Nitrogen-doped Carbon Encapsulated Al2O3 Composites for Microwave Absorption and Heat Conduction

Abstract

Highly efficient multifunctional materials that exhibit strong microwave absorption and elevated heat conduction are crucial for tackling electromagnetic interference and heat accumulation in miniaturized and integrated electronic systems. Nevertheless, simple physical blending is difficult to overcome inherent incompatibility between microwave absorption and heat conduction, posing a significant challenge to their concurrent enhancement. Herein, the Al2O3/nitrogen-doped carbon (Al2O3/NC) composites are fabricated via a thermal pyrolysis strategy and dispersed within thermoplastic polyurethane (TPU).

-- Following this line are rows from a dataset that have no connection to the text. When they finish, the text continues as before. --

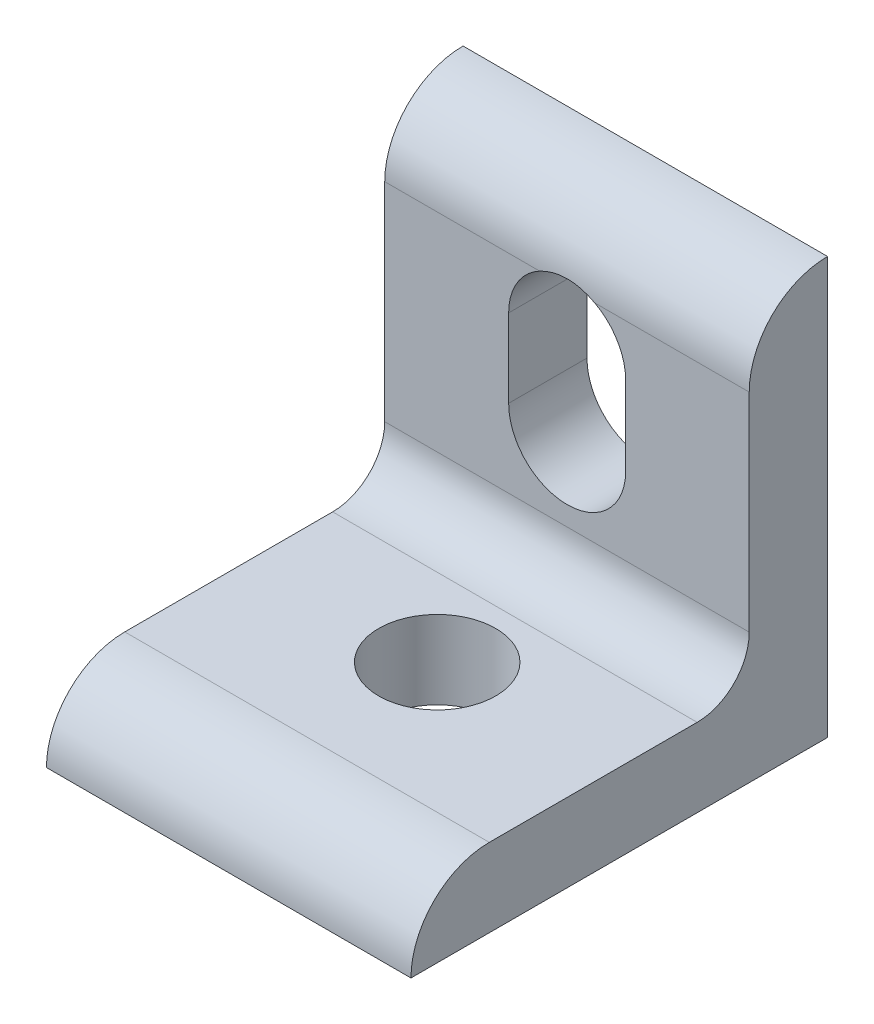
SolidWorks part; units mm, degrees
material "6061 Alloy"
ref_plane "Front Plane" through (0, 0, 0) normal (0, 0, 1) x (1, 0, 0)
ref_plane "Top Plane" through (0, 0, 0) normal (0, 1, 0) x (1, 0, 0)
ref_plane "Right Plane" through (0, 0, 0) normal (1, 0, 0) x (0, 0, -1)
sketch "Sketch1" plane through (0, 0, 0) normal (1, 0, 0) x (0, 0, -1)
  line L0 (6.2636, 22.5199) -> (-19.1364, 22.5199)
  line L1 (6.2636, 22.5199) -> (1.4884, 27.2951)
  line L2 (1.4884, 27.2951) -> (-14.3612, 27.2951)
  line L3 (6.2636, 27.2951) -> (-19.1364, 27.2951) construction
  arc A0 (-14.3612, 27.2951) -> (-19.1364, 22.5199) centre (-14.3612, 22.5199) ccw
  dimension "D1" = 4.7752
extrude "Extrude1" add sketch "Sketch1" along normal blind 22.225
sketch "Sketch2" plane through (0, 27.2951, 0) normal (0, 1, 0) x (1, 0, 0)
  circle A0 centre (11.1252, -6.4364) radius 3.5687
extrude "Cut-Extrude1" cut sketch "Sketch2" against normal through all
mirror "Mirror1" about plane through (22.225, 22.5199, -6.2636) normal (0, -0.7071, 0.7071) of bodies 102
fillet "Fillet1" radius 3.175 1 edges at (11.1125, 27.2951, -1.4884)
sketch "Sketch3" plane through (0, 0, -6.2636) normal (0, 0, -1) x (-1, 0, 0)
  line L2 (-14.6939, 39.9951) -> (-14.6939, 35.2199)
  line L4 (-7.5565, 39.9951) -> (-7.5565, 35.2199)
  line L6 (-14.6939, 35.2199) -> (-7.5565, 35.2199)
  arc A1 (-7.5565, 39.9951) -> (-14.6939, 39.9951) centre (-11.1252, 39.9951) ccw
  circle A3 centre (-11.1252, 35.2199) radius 3.5687 construction
extrude "Cut-Extrude2" cut sketch "Sketch3" against normal through all
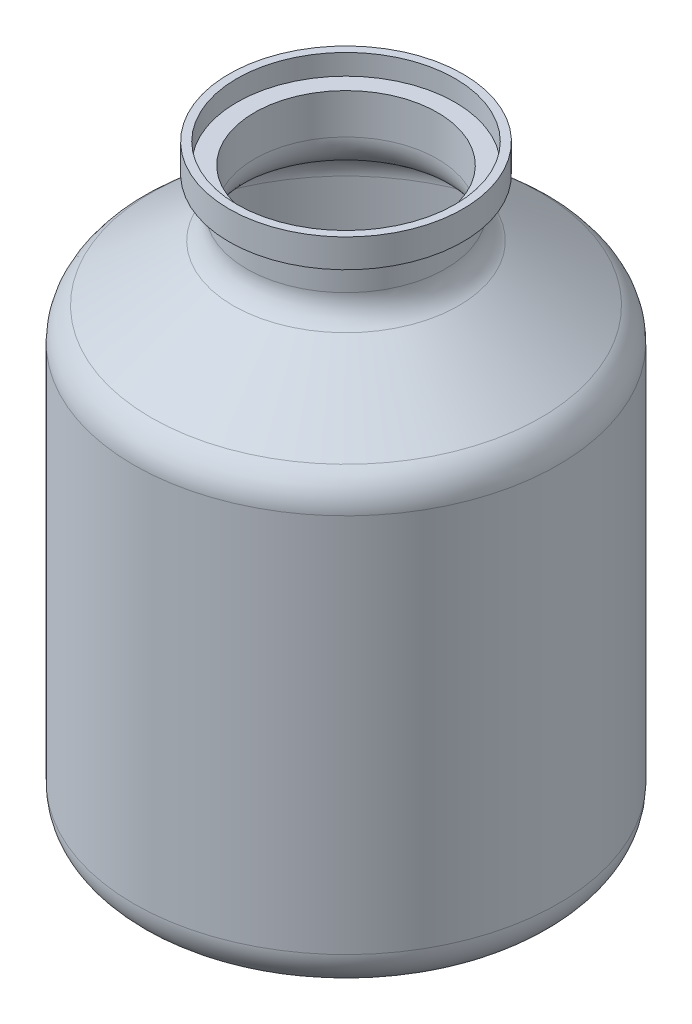
SolidWorks part; units mm, degrees
ref_plane "Front Plane" through (0, 0, 0) normal (0, 0, 1) x (1, 0, 0)
ref_plane "Top Plane" through (0, 0, 0) normal (0, 1, 0) x (1, 0, 0)
ref_plane "Right Plane" through (0, 0, 0) normal (1, 0, 0) x (0, 0, -1)
sketch "Sketch1" plane through (0, 0, 0) normal (0, 0, 1) x (1, 0, 0)
  line L0 (0, 0) -> (55.8506, 0)
  line L1 (68.5506, 12.7) -> (68.5506, 135.5371)
  line L2 (62.9889, 146.0411) -> (36.4262, 164.0924)
  line L3 (32.1096, 172.2449) -> (32.1096, 182.693)
  line L4 (32.1096, 182.693) -> (37.8125, 182.693)
  line L5 (37.8125, 182.693) -> (37.8125, 191.89)
  line L6 (37.8125, 191.89) -> (0, 191.89)
  line L7 (0, 191.89) -> (0, 0)
  arc A0 (55.8506, 0) -> (68.5506, 12.7) centre (55.8506, 12.7) ccw
  arc A1 (68.5506, 135.5371) -> (62.9889, 146.0411) centre (55.8506, 135.5371) ccw
  arc A2 (36.4262, 164.0924) -> (32.1096, 172.2449) centre (41.9665, 172.2449) cw
  point P11 (41.9665, 162.4248)
  point P16 (68.5506, 135.5371)
  dimension "D1" = 12.7
revolve "Revolve1" add sketch "Sketch1" angle 360 about L7
shell "Shell1" thickness 2.54 removed face at (0, 191.89, 37.8125) removed face at (0, 0, 55.8506)

With the filler loading of 60 wt%, the Al2O3/NC/TPU composites display an optimal reflection loss of -63.96 dB at 2.20 mm and an effective absorption bandwidth of 3.8 GHz at 2.37 mm. Besides, their thermal conductivity reaches up to 0.65 W/(m·K) under the same filler content. The outstanding microwave absorption performance benefits from effective impedance matching, multiple reflections and scatterings, and strong dielectric loss. Furthermore, the intercross-linked networks can enhance the overall heat conduction performance. This study reveals a straightforward and efficient approach for developing advanced materials that combine microwave absorption and heat conduction, offering immense potential for applications in modern electronics.